Hey Sup Forums
I feel like shit help me out.
Earlier this year I met a girl, she was cute but not much more, only about a 6.5/10.
Before we get any further, I'm a Jehovah's witness, those guys who knock on the door asking about Jesus or whatever.
We follow certain rules there's a lot of things we can't do, but the significant thing here is that we aren't really allowed to date outsiders.
When I first met her she was just another girl, it was apparent that she was really attracted to me but I just didn't feel the same.
She was persistent so I eventually gave in, its not like I didn't have an attraction to her, it just wasn't as strong as hers for me.
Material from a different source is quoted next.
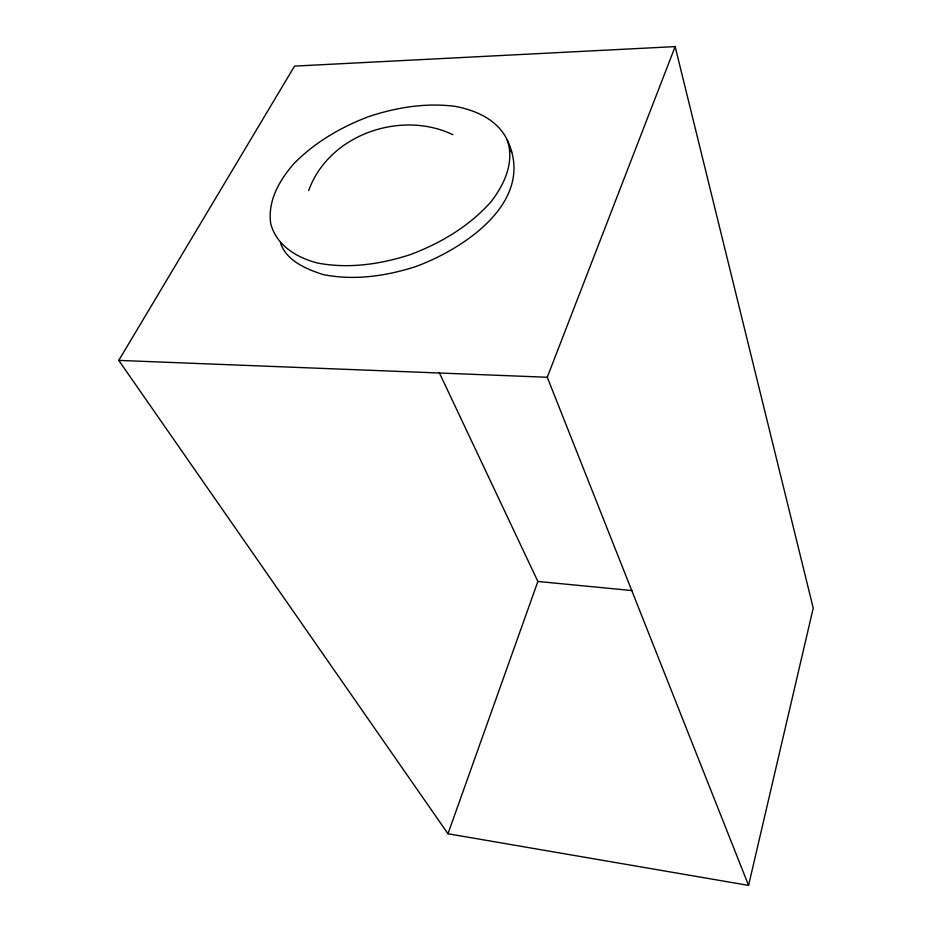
<?xml version="1.0" encoding="UTF-8"?>
<svg xmlns="http://www.w3.org/2000/svg" width="932" height="932" viewBox="0 0 932 932"><rect width="100%" height="100%" fill="white"/><g stroke="black" fill="none" stroke-linecap="round" stroke-linejoin="round"><path stroke-width="1.4" d="M748.571 885.4L813.228 608.095L675.152 46.6L294.559 66.102L118.772 360.393L447.977 833.756L748.571 885.4L547.27 377.262L675.152 46.6M447.977 833.756L537.88 581.463L439.182 372.427M308.678 190.606C328.518 134.86 400.585 109.65 452.836 134.674M118.772 360.393L547.27 377.262M537.88 581.463L632.082 590.573M507.241 139.94C497.455 119.634 475.926 110.221 454.851 106.306C425.586 102.625 396.17 107.413 368.373 116.733C340.658 127.276 314.678 142.456 293.825 163.729C279.414 180.237 267.542 200.834 270.699 223.529C276.256 245.256 296.423 257.43 316.857 262.871C348.09 269.08 380.035 264.339 410.068 254.716C440.498 243.287 469.076 226.453 490.838 201.988C504.422 184.513 514.802 162.18 507.241 139.94C536.401 201.091 464.311 248.739 415.497 266.668C385.65 276.198 353.904 280.8 322.891 274.509C306.162 268.952 286.567 261.018 280.45 242.891M510.119 149.947L511.691 152.196"/></g></svg>

Another important thing here is that I'm 18, I still live at home with very strict parents, they trusted me a lot at this point so I got away with a lot of things later on.
One day she grows the balls to ask me how I feel about her, she tells me she's insane attracted to me and it's been going on for a while, I already knew by that point but I pretended to be surprised,
I thought I could just make her happy, she had grown to be a good friend by this point so I give it a try.
Surely but slowly I became closer and closer to her, every day that went by she seemed more appealing to me. I told her that my parents couldn't find out about us yet, so a lot of things we did we had to keep it a secret.
Weeks go by, then months. One day I got brave and invited her over while my parents werent around, we constantly texted each other for so long, she's always bothering at this point to cuddle with me, why not? I wouldn't mind that either.
She comes over and we spend hours just in my room, we didnt do anything dirty, I was still a virgin, I knew that we could have done anything there but I just wanted to be passionate with her, we just played there and hugged and kissed for a long time and cracking jokes. I had never felt such a feeling before, it was that day I fell in love with her.